Possible Drawbacks / Trade-offs

This change will cause regression in CPU usage for system-probe because, avoiding misses on netif_receive_skb results in more frequent flushes to happen. The flushes use perf_event_output which can increase CPU usage.

This may be mitigated by upcoming work allowing us to use the perf buffer to directly perform batching.

Describe how to test/QA your changes

pr-commenter · 2024-06-12T13:36:53Z

Test changes on VM

Use this command from test-infra-definitions to manually test this PR changes on a VM:

inv create-vm --pipeline-id=45516736 --os-family=ubuntu

Note: This applies to commit 5cc3e71

pr-commenter · 2024-06-12T14:05:24Z

Regression Detector

Regression Detector Results

Run ID: 3c594d1b-e28c-4a08-9342-48dd0a23bd37 Metrics dashboard Target profiles

Baseline: 772a730
Comparison: 5cc3e71

Performance changes are noted in the perf column of each table:

✅ = significantly better comparison variant performance
❌ = significantly worse comparison variant performance
➖ = no significant change in performance

No significant changes in experiment optimization goals

Confidence level: 90.00%
Effect size tolerance: |Δ mean %| ≥ 5.00%

There were no significant changes in experiment optimization goals at this confidence level and effect size tolerance.

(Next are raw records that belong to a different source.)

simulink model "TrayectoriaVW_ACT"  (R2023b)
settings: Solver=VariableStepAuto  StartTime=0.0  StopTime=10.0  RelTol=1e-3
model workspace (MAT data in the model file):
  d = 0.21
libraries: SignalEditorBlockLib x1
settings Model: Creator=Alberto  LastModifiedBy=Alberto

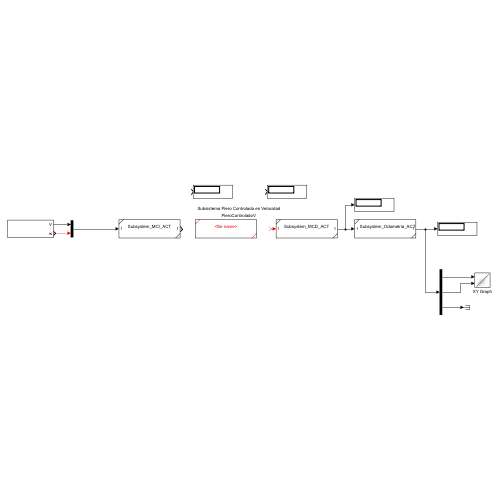
[thumbnail: Simulink's stored preview of the top-level diagram]
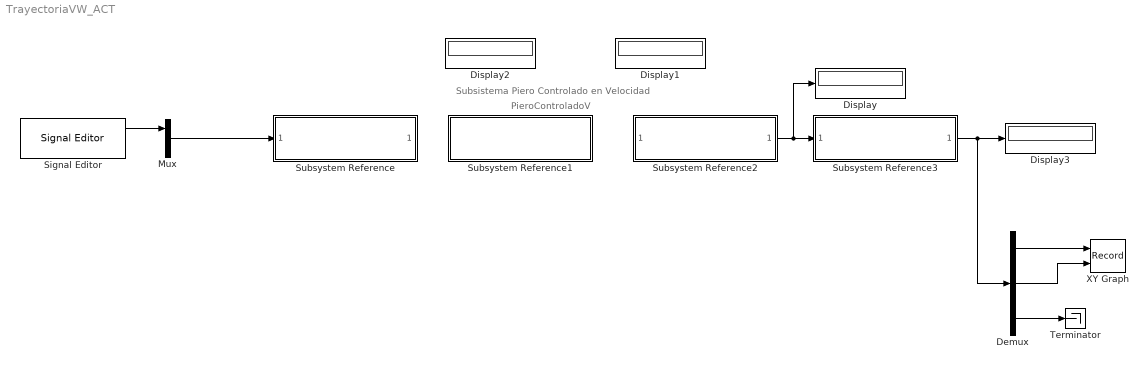
== system TrayectoriaVW_ACT ==
  note: PieroControladoV
  note: Subsistema Piero Controlado en Velocidad
  Demux : Demux  Outputs=3
  Display{,1..3} (4 alike) : Display
  Mux : Mux  Inputs=2
  Signal Editor : SignalEditorBlockLib/Signal Editor  FileName=C:\Users\Alberto\MATLAB\Projects\LabRob2024_SeguimientoIndividual\Data_ACT\SalirClase.mat  ActiveScenario=SalirClase  ActiveSignal=V  IsBus=off  OutputBusObjectStr=Bus: BusObject  SampleTime=0.01  Interpolate=off  ZeroCross=off  OutputAfterFinalValue=Setting to zero  Unit=inherit  PreserveSignalName=on  ApplySigPropsToAllScenarios=on  ApplySigPropsToAllSignals=on
  Subsystem Reference : Subsystem  ReferencedSubsystem=Subsystem_MCI_ACT
  Subsystem Reference1 : Subsystem  ReferencedSubsystem=<file name>
  Subsystem Reference2 : Subsystem  ReferencedSubsystem=Subsystem_MCD_ACT
  Subsystem Reference3 : Subsystem  ReferencedSubsystem=Subsystem_Odometria_ACT
  Terminator : Terminator
  XY Graph : Record  FileSettingsInternal="{\"entries\":[{\"content\":{\"excelSettings\":{\"content\":{},\"type\":\"Streamout.ExcelSettings\"}},\"type\":\"Streamout.FileSettingStorage\",\"uuid\":\"\"}],\"packageUris\":[\"http:\\/\\/schema.mathworks.com\\/mf0\\/streamout_blocks\\/R2020a\"],\"version\":\"1.0\"}"  Layout=[1 1]  SignalsInternal="{\"entries\":[{\"content\":{},\"type\":\"RecordBlkView.InputSignals\",\"uuid\":\"\"}],\"packageUris\":[\"http:\\/\\/schema.mathworks.com\\/mf0\\/streamout_blocks\\/R2020a\"],\"version\":\"1.0\"}"  VisualizationBindings="{\"xyplotplugin\":{\"info\":[{\"series\":[],\"subplotID\":1}]}}"  CompatibilityTag=XY
  wires:
  Subsystem Reference2/1 -> Display/1, Subsystem Reference3/1
  ? -> Subsystem Reference2/1
  Subsystem Reference3/1 -> Demux/1, Display3/1
  Demux/1 -> XY Graph/1
  Demux/2 -> XY Graph/2
  Demux/3 -> Terminator/1
  Signal Editor/1 -> Mux/1
  ? -> Mux/2
  Mux/1 -> Subsystem Reference/1

== system TrayectoriaVW_ACT/Subsystem Reference1 ==
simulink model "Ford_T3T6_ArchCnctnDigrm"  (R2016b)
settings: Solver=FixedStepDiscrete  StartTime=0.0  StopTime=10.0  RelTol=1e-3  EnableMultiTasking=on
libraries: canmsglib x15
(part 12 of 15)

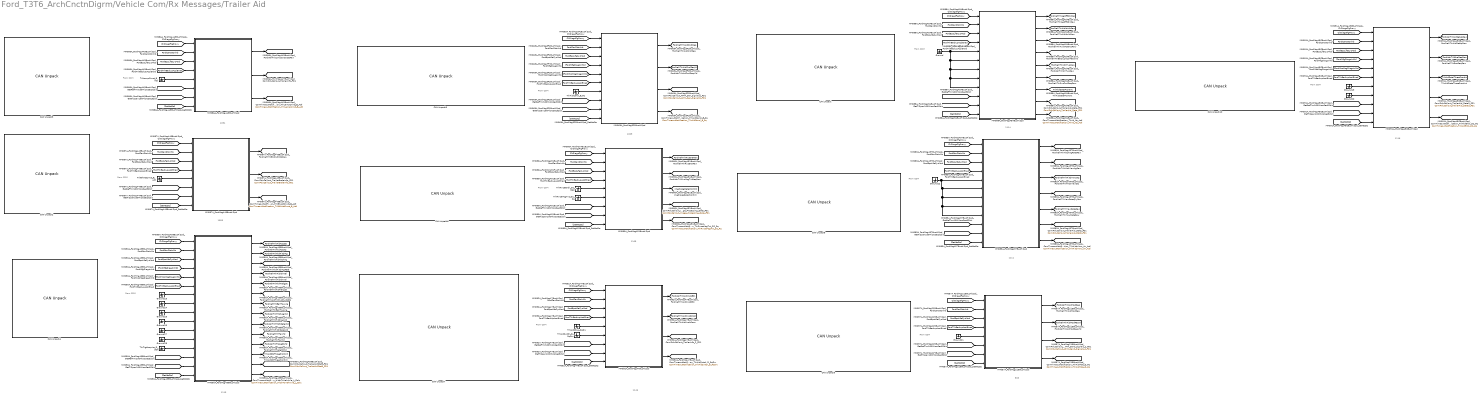
== system Ford_T3T6_ArchCnctnDigrm/Vehicle Com/Rx Messages/Trailer Aid ==
  note: 1116
  note: 533
  note: 1111
  note: 1114
  note: 1146
  note: 1105
  note: 1009
  note: 1113
  note: 1093
  note: 1091
  note: From COM
  note: From COM
  note: From COM
  note: From COM
  note: From COM
  note: From COM
  note: From COM
  note: From COM
  note: From COM
  note: From COM
  CAN Unpack : canmsglib/CAN Unpack  CANdbFile=C:\Users\nz3503\Desktop\Ford Architecture\FD1_CAN_P702_GASDHEV_MY21_V04.dbc  MsgList=TrailerAid_Data_FD1  MsgName=TrailerAid_Data_FD1  MsgIDType=Standard (11-bit identifier)  MsgIdentifier=1114  MsgLength=8  SignalInfo=TrailCtlSwtch_B_Stat2$16$1$2$2$1$0$1$0$0$1$#TrlBrkInitOut_D_Rq$59$2$2$2$1$0$1$0$0$3$#TrlrAidEnbl_D_Rq$13$2$2$2$1$0$1$0$0$3$#TrlrAidSetup_D_Rq$57$2$2$2$1$0$1$0$0$3$#TrlrAnOffstDir_D_Mem$61$2$2$2$1$0$1$0$0$3$#TrlrAnOffst_An_Mem$63$9$2$2$1$0$1.000000e-01$0$0$5.110000e+01$#TrlrAxleToBmpr_L_Actl$15$9$2$2$1$0$2.540000e-02$0$0$1.297940e+01$#TrlrBallToBmpr_L_Actl$17$7$2$2$1$0$1.270000e-02$0$0$1.612900e+00$#TrlrIdType_D_Stat$32$2$2$2$1$0$1$0$0$3$#TrlrId_No_Actl$9$4$2$2$1$0$1$0$0$15$#TrlrRvrseCancl_B_Rq$8$1$2$2$1$0$1$0$0$1$#TrlrTrgtOffst_L_Actl$41$7$2$2$1$0$1.270000e-02$0$0$1.612900e+00$#TrlrTrgtPtrnId_No_Mem$34$6$2$2$1$0$1$0$0$63$#TrlrTrgtToBmpr_L_Actl$25$7$2$2$1$0$1.270000e-02$0$0$1.612900e+00$#  NSignals=14  IDPort=off  TimestampPort=off  ErrorPort=off  RemotePort=off  LengthPort=off  StatusPort=off  StartBits=str2num('[int32(16);int32(59);int32(13);int32(57);int32(61);int32(63);int32(15);int32(17);int32(32);int32(9);int32(8);int32(41);int32(34);int32(25)]')  SignalSizes=str2num('[int32(1);int32(2);int32(2);int32(2);int32(2);int32(9);int32(9);int32(7);int32(2);int32(4);int32(1);int32(7);int32(6);int32(7)]')  ByteOrders=str2num('[int32(2);int32(2);int32(2);int32(2);int32(2);int32(2);int32(2);int32(2);int32(2);int32(2);int32(2);int32(2);int32(2);int32(2)]')  DataTypes=str2num('[int32(2);int32(2);int32(2);int32(2);int32(2);int32(2);int32(2);int32(2);int32(2);int32(2);int32(2);int32(2);int32(2);int32(2)]')  MultiplexTypes=str2num('[int32(1);int32(1);int32(1);int32(1);int32(1);int32(1);int32(1);int32(1);int32(1);int32(1);int32(1);int32(1);int32(1);int32(1)]')  MultiplexValues=str2num('[double(0);double(0);double(0);double(0);double(0);double(0);double(0);double(0);double(0);double(0);double(0);double(0);double(0);double(0)]')  Factors=str2num('[double(1);double(1);double(1);double(1);double(1);double(1.000000e-01);double(2.540000e-02);double(1.270000e-02);double(1);double(1);double(1);double(1.270000e-02);double(1);double(1.270000e-02)]')  Offsets=str2num('[double(0);double(0);double(0);double(0);double(0);double(0);double(0);double(0);double(0);double(0);double(0);double(0);double(0);double(0)]')  Minimums=str2num('[double(0);double(0);double(0);double(0);double(0);double(0);double(0);double(0);double(0);double(0);double(0);double(0);double(0);double(0)]')  Maximums=str2num('[double(1);double(3);double(3);double(3);double(3);double(5.110000e+01);double(1.297940e+01);double(1.612900e+00);double(3);double(15);double(1);double(1.612900e+00);double(63);double(1.612900e+00)]')
      settings: DataFormat=CANdb specified signals
  CAN Unpack10 : canmsglib/CAN Unpack  CANdbFile=C:\Users\nz3503\Desktop\Ford Architecture\FD1_CAN_P702_GASDHEV_MY21_V04.dbc  MsgList=TrailerAid_Data3_FD1  MsgName=TrailerAid_Data3_FD1  MsgIDType=Standard (11-bit identifier)  MsgIdentifier=1116  MsgLength=8  SignalInfo=TrlrAidEnbl_D2_Rq$5$3$2$2$1$0$1$0$0$7$#TrlrAidSetup_D2_Rq$1$4$2$2$1$0$1$0$0$15$#  NSignals=2  IDPort=off  TimestampPort=off  ErrorPort=off  RemotePort=off  LengthPort=off  StatusPort=off  StartBits=str2num('[int32(5);int32(1)]')  SignalSizes=str2num('[int32(3);int32(4)]')  ByteOrders=str2num('[int32(2);int32(2)]')  DataTypes=str2num('[int32(2);int32(2)]')  MultiplexTypes=str2num('[int32(1);int32(1)]')  MultiplexValues=str2num('[double(0);double(0)]')  Factors=str2num('[double(1);double(1)]')  Offsets=str2num('[double(0);double(0)]')  Minimums=str2num('[double(0);double(0)]')  Maximums=str2num('[double(7);double(15)]')
      settings: DataFormat=CANdb specified signals
  CAN Unpack2 : canmsglib/CAN Unpack  CANdbFile=C:\Users\nz3503\Desktop\Ford Architecture\FD1_CAN_P702_GASDHEV_MY21_V04.dbc  MsgList=TrailerBrakeInfo_FD1  MsgName=TrailerBrakeInfo_FD1  MsgIDType=Standard (11-bit identifier)  MsgIdentifier=1093  MsgLength=8  SignalInfo=StopLamp_B_RqTrlrBrk$7$1$2$2$1$0$1$0$0$1$#TrlBrkInitOut_D_Stat$9$2$2$2$1$0$1$0$0$3$#TrlrBrkActCirct_B_Falt$1$1$2$2$1$0$1$0$0$1$#TrlrBrkActCnnct_B_Actl$6$1$2$2$1$0$1$0$0$1$#TrlrBrkCtl_B_Falt$4$1$2$2$1$0$1$0$0$1$#TrlrBrkDcnnt_B_Actl$5$1$2$2$1$0$1$0$0$1$#TrlrBrkDsply_B_Rq$3$1$2$2$1$0$1$0$0$1$#TrlrBrkGain_No_Actl$11$5$2$2$1$0$5.000000e-01$0$0$1.550000e+01$#TrlrBrkMde_D_Actl$2$1$2$2$1$0$1$0$0$1$#TrlrBrkOut_No_Dsply$20$4$2$2$1$0$1$0$0$15$#  NSignals=10  IDPort=off  TimestampPort=off  ErrorPort=off  RemotePort=off  LengthPort=off  StatusPort=off  StartBits=str2num('[int32(7);int32(9);int32(1);int32(6);int32(4);int32(5);int32(3);int32(11);int32(2);int32(20)]')  SignalSizes=str2num('[int32(1);int32(2);int32(1);int32(1);int32(1);int32(1);int32(1);int32(5);int32(1);int32(4)]')  ByteOrders=str2num('[int32(2);int32(2);int32(2);int32(2);int32(2);int32(2);int32(2);int32(2);int32(2);int32(2)]')  DataTypes=str2num('[int32(2);int32(2);int32(2);int32(2);int32(2);int32(2);int32(2);int32(2);int32(2);int32(2)]')  MultiplexTypes=str2num('[int32(1);int32(1);int32(1);int32(1);int32(1);int32(1);int32(1);int32(1);int32(1);int32(1)]')  MultiplexValues=str2num('[double(0);double(0);double(0);double(0);double(0);double(0);double(0);double(0);double(0);double(0)]')  Factors=str2num('[double(1);double(1);double(1);double(1);double(1);double(1);double(1);double(5.000000e-01);double(1);double(1)]')  Offsets=str2num('[double(0);double(0);double(0);double(0);double(0);double(0);double(0);double(0);double(0);double(0)]')  Minimums=str2num('[double(0);double(0);double(0);double(0);double(0);double(0);double(0);double(0);double(0);double(0)]')  Maximums=str2num('[double(1);double(3);double(1);double(1);double(1);double(1);double(1);double(1.550000e+01);double(1);double(15)]')
      settings: DataFormat=CANdb specified signals
  CAN Unpack3 : canmsglib/CAN Unpack  CANdbFile=C:\Users\nz3503\Desktop\Ford Architecture\FD1_CAN_P702_GASDHEV_MY21_V04.dbc  MsgList=TrailerInfo_FD1  MsgName=TrailerInfo_FD1  MsgIDType=Standard (11-bit identifier)  MsgIdentifier=1091  MsgLength=8  SignalInfo=CamraRearOn_D2_Stat2$9$3$2$2$1$0$1$0$0$7$#ParkLampTrlrOut_B_Stat$15$1$2$2$1$0$1$0$0$1$#PoliceAux1Lamp_B_Rq2$8$1$2$2$1$0$1$0$0$1$#PoliceAux2Lamp_B_Rq2$23$1$2$2$1$0$1$0$0$1$#PoliceAux3Lamp_B_Rq2$22$1$2$2$1$0$1$0$0$1$#PoliceAux4Lamp_B_Rq2$21$1$2$2$1$0$1$0$0$1$#StopLampTrlrOut_B_Stat$0$1$2$2$1$0$1$0$0$1$#TowBarMsgTxt_D_Rq$12$3$2$2$1$0$1$0$0$7$#TrlrBattChrg_D_Stat$1$2$2$2$1$0$1$0$0$3$#TrlrLampCnnct_B_Actl$7$1$2$2$1$0$1$0$0$1$#TrlrLampCtl_D_Stat$3$2$2$2$1$0$1$0$0$3$#TurnLampTrlrRl_B_Stat$6$1$2$2$1$0$1$0$0$1$#TurnLampTrlrRr_B_Stat$5$1$2$2$1$0$1$0$0$1$#  NSignals=13  IDPort=off  TimestampPort=off  ErrorPort=off  RemotePort=off  LengthPort=off  StatusPort=off  StartBits=str2num('[int32(9);int32(15);int32(8);int32(23);int32(22);int32(21);int32(0);int32(12);int32(1);int32(7);int32(3);int32(6);int32(5)]')  SignalSizes=str2num('[int32(3);int32(1);int32(1);int32(1);int32(1);int32(1);int32(1);int32(3);int32(2);int32(1);int32(2);int32(1);int32(1)]')  ByteOrders=str2num('[int32(2);int32(2);int32(2);int32(2);int32(2);int32(2);int32(2);int32(2);int32(2);int32(2);int32(2);int32(2);int32(2)]')  DataTypes=str2num('[int32(2);int32(2);int32(2);int32(2);int32(2);int32(2);int32(2);int32(2);int32(2);int32(2);int32(2);int32(2);int32(2)]')  MultiplexTypes=str2num('[int32(1);int32(1);int32(1);int32(1);int32(1);int32(1);int32(1);int32(1);int32(1);int32(1);int32(1);int32(1);int32(1)]')  MultiplexValues=str2num('[double(0);double(0);double(0);double(0);double(0);double(0);double(0);double(0);double(0);double(0);double(0);double(0);double(0)]')  Factors=str2num('[double(1);double(1);double(1);double(1);double(1);double(1);double(1);double(1);double(1);double(1);double(1);double(1);double(1)]')  Offsets=str2num('[double(0);double(0);double(0);double(0);double(0);double(0);double(0);double(0);double(0);double(0);double(0);double(0);double(0)]')  Minimums=str2num('[double(0);double(0);double(0);double(0);double(0);double(0);double(0);double(0);double(0);double(0);double(0);double(0);double(0)]')  Maximums=str2num('[double(7);double(1);double(1);double(1);double(1);double(1);double(1);double(7);double(3);double(1);double(3);double(1);double(1)]')
      settings: DataFormat=CANdb specified signals
  CAN Unpack4 : canmsglib/CAN Unpack  CANdbFile=C:\Users\nz3503\Desktop\Ford Architecture\FD1_CAN_P702_GASDHEV_MY21_V04.dbc  MsgList=TrailerAid_Stat3_FD1  MsgName=TrailerAid_Stat3_FD1  MsgIDType=Standard (11-bit identifier)  MsgIdentifier=1113  MsgLength=8  SignalInfo=HitchToTrlrAxle_L_Calc2$23$9$2$2$1$0$2.540000e-02$0$0$1.297940e+01$#HitchToVehAxle_L_Calc$0$8$2$2$1$0$1.270000e-02$-5.080000e-01$-5.080000e-01$2.717800e+00$#TrlrAidTrgtId_No_Actl$43$5$2$2$1$0$1$0$0$31$#TrlrAid_An3_Actl$34$11$2$2$1$0$1.250000e-01$-90$-90$1.657500e+02$#TrlrAid_AnRate2_Actl$29$10$2$2$1$0$1.250000e-01$-50$-50$7.775000e+01$#TrlrAid_D2_Stat$52$4$2$2$1$0$1$0$0$15$#TrlrAnCalib_B_Complt$40$1$2$2$1$0$1$0$0$1$#TrlrAnOffstDir_D_Calc$32$2$2$2$1$0$1$0$0$3$#TrlrAnOffst_An_Calc$56$9$2$2$1$0$1.000000e-01$0$0$5.110000e+01$#TrlrRvrse_D_Stat$41$2$2$2$1$0$1$0$0$3$#TrlrTrgtAcquire_D_Stat$49$3$2$2$1$0$1$0$0$7$#  NSignals=11  IDPort=off  TimestampPort=off  ErrorPort=off  RemotePort=off  LengthPort=off  StatusPort=off  StartBits=str2num('[int32(23);int32(0);int32(43);int32(34);int32(29);int32(52);int32(40);int32(32);int32(56);int32(41);int32(49)]')  SignalSizes=str2num('[int32(9);int32(8);int32(5);int32(11);int32(10);int32(4);int32(1);int32(2);int32(9);int32(2);int32(3)]')  ByteOrders=str2num('[int32(2);int32(2);int32(2);int32(2);int32(2);int32(2);int32(2);int32(2);int32(2);int32(2);int32(2)]')  DataTypes=str2num('[int32(2);int32(2);int32(2);int32(2);int32(2);int32(2);int32(2);int32(2);int32(2);int32(2);int32(2)]')  MultiplexTypes=str2num('[int32(1);int32(1);int32(1);int32(1);int32(1);int32(1);int32(1);int32(1);int32(1);int32(1);int32(1)]')  MultiplexValues=str2num('[double(0);double(0);double(0);double(0);double(0);double(0);double(0);double(0);double(0);double(0);double(0)]')  Factors=str2num('[double(2.540000e-02);double(1.270000e-02);double(1);double(1.250000e-01);double(1.250000e-01);double(1);double(1);double(1);double(1.000000e-01);double(1);double(1)]')  Offsets=str2num('[double(0);double(-5.080000e-01);double(0);double(-90);double(-50);double(0);double(0);double(0);double(0);double(0);double(0)]')  Minimums=str2num('[double(0);double(-5.080000e-01);double(0);double(-90);double(-50);double(0);double(0);double(0);double(0);double(0);double(0)]')  Maximums=str2num('[double(1.297940e+01);double(2.717800e+00);double(31);double(1.657500e+02);double(7.775000e+01);double(15);double(1);double(3);double(5.110000e+01);double(3);double(7)]')
      settings: DataFormat=CANdb specified signals
  CAN Unpack5 : canmsglib/CAN Unpack  CANdbFile=C:\Users\nz3503\Desktop\Ford Architecture\FD1_CAN_P702_GASDHEV_MY21_V04.dbc  MsgList=APIM_Send_Signals1_FD1  MsgName=APIM_Send_Signals1_FD1  MsgIDType=Standard (11-bit identifier)  MsgIdentifier=1009  MsgLength=8  SignalInfo=APIM_ActiveTrackNum_St$24$32$2$2$1$0$1$0$0$4294967295$#APIM_NumberofTracks_St$40$16$2$2$1$0$1$0$0$65535$#AutoHoldSwtch_D_Stat3$49$2$2$2$1$0$1$0$0$3$#CenterStackRing_D_Actl$58$2$2$2$1$0$1$0$0$3$#ChrgCordUnlock_B_Rq$60$1$2$2$1$0$1$0$0$1$#TrlrAidCancl_B_Rq$48$1$2$2$1$0$1$0$0$1$#TrlrAidSetup_D_Stat$53$3$2$2$1$0$1$0$0$7$#TrlrTrgtAcquire_D_Rq$61$3$2$2$1$0$1$0$0$7$#ValetMode_D_Stat$56$2$2$2$1$0$1$0$0$3$#  NSignals=9  IDPort=off  TimestampPort=off  ErrorPort=off  RemotePort=off  LengthPort=off  StatusPort=off  StartBits=str2num('[int32(24);int32(40);int32(49);int32(58);int32(60);int32(48);int32(53);int32(61);int32(56)]')  SignalSizes=str2num('[int32(32);int32(16);int32(2);int32(2);int32(1);int32(1);int32(3);int32(3);int32(2)]')  ByteOrders=str2num('[int32(2);int32(2);int32(2);int32(2);int32(2);int32(2);int32(2);int32(2);int32(2)]')  DataTypes=str2num('[int32(2);int32(2);int32(2);int32(2);int32(2);int32(2);int32(2);int32(2);int32(2)]')  MultiplexTypes=str2num('[int32(1);int32(1);int32(1);int32(1);int32(1);int32(1);int32(1);int32(1);int32(1)]')  MultiplexValues=str2num('[double(0);double(0);double(0);double(0);double(0);double(0);double(0);double(0);double(0)]')  Factors=str2num('[double(1);double(1);double(1);double(1);double(1);double(1);double(1);double(1);double(1)]')  Offsets=str2num('[double(0);double(0);double(0);double(0);double(0);double(0);double(0);double(0);double(0)]')  Minimums=str2num('[double(0);double(0);double(0);double(0);double(0);double(0);double(0);double(0);double(0)]')  Maximums=str2num('[double(4294967295);double(65535);double(3);double(3);double(1);double(1);double(7);double(7);double(3)]')
      settings: DataFormat=CANdb specified signals
  CAN Unpack6 : canmsglib/CAN Unpack  CANdbFile=C:\Users\nz3503\Desktop\Ford Architecture\FD1_CAN_P702_GASDHEV_MY21_V04.dbc  MsgList=Image_Processing_Data_FD1  MsgName=Image_Processing_Data_FD1  MsgIDType=Standard (11-bit identifier)  MsgIdentifier=1105  MsgLength=8  SignalInfo=BrkDecel_B_RqRba$8$1$2$2$1$0$1$0$0$1$#BrkEnbl_B_RqRba$23$1$2$2$1$0$1$0$0$1$#CamraFrntStat_D_Stat$6$2$2$2$1$0$1$0$0$3$#CamraRemoteStat_B_Actl$5$1$2$2$1$0$1$0$0$1$#RbaAlrt_D_Dsply$11$2$2$2$1$0$1$0$0$3$#RbaMnu_D_Rq$9$2$2$2$1$0$1$0$0$3$#RbaMsg_D_Rq$21$2$2$2$1$0$1$0$0$3$#RbaSys_D_Stat$19$2$2$2$1$0$1$0$0$3$#Rba_D_Stat$13$2$2$2$1$0$1$0$0$3$#TrlrHitchLamp_D_Rq2$15$1$2$2$1$0$1$0$0$1$#TrlrRvrseEnbl_D2_Stat$16$3$2$2$1$0$1$0$0$7$#TrlrRvrseMsgTxt_D2_Rq$26$6$2$2$1$0$1$0$0$63$#TrlrRvrseMsgTxt_D_Rq$0$5$2$2$1$0$1$0$0$31$#  NSignals=13  IDPort=off  TimestampPort=off  ErrorPort=off  RemotePort=off  LengthPort=off  StatusPort=off  StartBits=str2num('[int32(8);int32(23);int32(6);int32(5);int32(11);int32(9);int32(21);int32(19);int32(13);int32(15);int32(16);int32(26);int32(0)]')  SignalSizes=str2num('[int32(1);int32(1);int32(2);int32(1);int32(2);int32(2);int32(2);int32(2);int32(2);int32(1);int32(3);int32(6);int32(5)]')  ByteOrders=str2num('[int32(2);int32(2);int32(2);int32(2);int32(2);int32(2);int32(2);int32(2);int32(2);int32(2);int32(2);int32(2);int32(2)]')  DataTypes=str2num('[int32(2);int32(2);int32(2);int32(2);int32(2);int32(2);int32(2);int32(2);int32(2);int32(2);int32(2);int32(2);int32(2)]')  MultiplexTypes=str2num('[int32(1);int32(1);int32(1);int32(1);int32(1);int32(1);int32(1);int32(1);int32(1);int32(1);int32(1);int32(1);int32(1)]')  MultiplexValues=str2num('[double(0);double(0);double(0);double(0);double(0);double(0);double(0);double(0);double(0);double(0);double(0);double(0);double(0)]')  Factors=str2num('[double(1);double(1);double(1);double(1);double(1);double(1);double(1);double(1);double(1);double(1);double(1);double(1);double(1)]')  Offsets=str2num('[double(0);double(0);double(0);double(0);double(0);double(0);double(0);double(0);double(0);double(0);double(0);double(0);double(0)]')  Minimums=str2num('[double(0);double(0);double(0);double(0);double(0);double(0);double(0);double(0);double(0);double(0);double(0);double(0);double(0)]')  Maximums=str2num('[double(1);double(1);double(3);double(1);double(3);double(3);double(3);double(3);double(3);double(1);double(7);double(63);double(31)]')
      settings: DataFormat=CANdb specified signals
  CAN Unpack7 : canmsglib/CAN Unpack  CANdbFile=C:\Users\nz3503\Desktop\Ford Architecture\FD1_CAN_P702_GASDHEV_MY21_V04.dbc  MsgList=TrailerInfo_2_FD1  MsgName=TrailerInfo_2_FD1  MsgIDType=Standard (11-bit identifier)  MsgIdentifier=1146  MsgLength=8  SignalInfo=TrlrAidAn_URate_Actl$16$12$2$2$1$0$1.250000e-03$-2.500000e+00$-2.500000e+00$2.616250e+00$#TrlrAidAn_U_Actl$12$12$2$2$1$0$1.250000e-03$0$0$5.116250e+00$#TrlrAidCtl_U_RqDrv$36$12$2$2$1$0$1.250000e-03$0$0$5.116250e+00$#TrlrAidSwtch_D_RqDrv$34$2$2$2$1$0$1$0$0$3$#  NSignals=4  IDPort=off  TimestampPort=off  ErrorPort=off  RemotePort=off  LengthPort=off  StatusPort=off  StartBits=str2num('[int32(16);int32(12);int32(36);int32(34)]')  SignalSizes=str2num('[int32(12);int32(12);int32(12);int32(2)]')  ByteOrders=str2num('[int32(2);int32(2);int32(2);int32(2)]')  DataTypes=str2num('[int32(2);int32(2);int32(2);int32(2)]')  MultiplexTypes=str2num('[int32(1);int32(1);int32(1);int32(1)]')  MultiplexValues=str2num('[double(0);double(0);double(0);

Fine details of change detection per experiment

perf	experiment	goal	Δ mean %	Δ mean % CI	trials	links
➖	basic_py_check	% cpu utilization	+1.19	[-1.44, +3.82]	1	Logs
➖	otel_to_otel_logs	ingress throughput	+0.30	[-0.51, +1.10]	1	Logs
➖	pycheck_lots_of_tags	% cpu utilization	+0.18	[-2.34, +2.69]	1	Logs
➖	idle	memory utilization	+0.11	[+0.07, +0.16]	1	Logs
➖	uds_dogstatsd_to_api	ingress throughput	+0.00	[-0.09, +0.09]	1	Logs
➖	tcp_dd_logs_filter_exclude	ingress throughput	+0.00	[-0.01, +0.01]	1	Logs
➖	file_tree	memory utilization	-0.28	[-0.37, -0.19]	1	Logs
➖	tcp_syslog_to_blackhole	ingress throughput	-0.30	[-0.35, -0.24]	1	Logs
➖	idle_all_features	memory utilization	-0.43	[-0.49, -0.36]	1	Logs
➖	uds_dogstatsd_to_api_cpu	% cpu utilization	-0.95	[-1.68, -0.22]	1	Logs

Bounds Checks

perf	experiment	bounds_check_name	replicates_passed
✅	idle	memory_usage	10/10

Explanation

A regression test is an A/B test of target performance in a repeatable rig, where "performance" is measured as "comparison variant minus baseline variant" for an optimization goal (e.g., ingress throughput). Due to intrinsic variability in measuring that goal, we can only estimate its mean value for each experiment; we report uncertainty in that value as a 90.00% confidence interval denoted "Δ mean % CI".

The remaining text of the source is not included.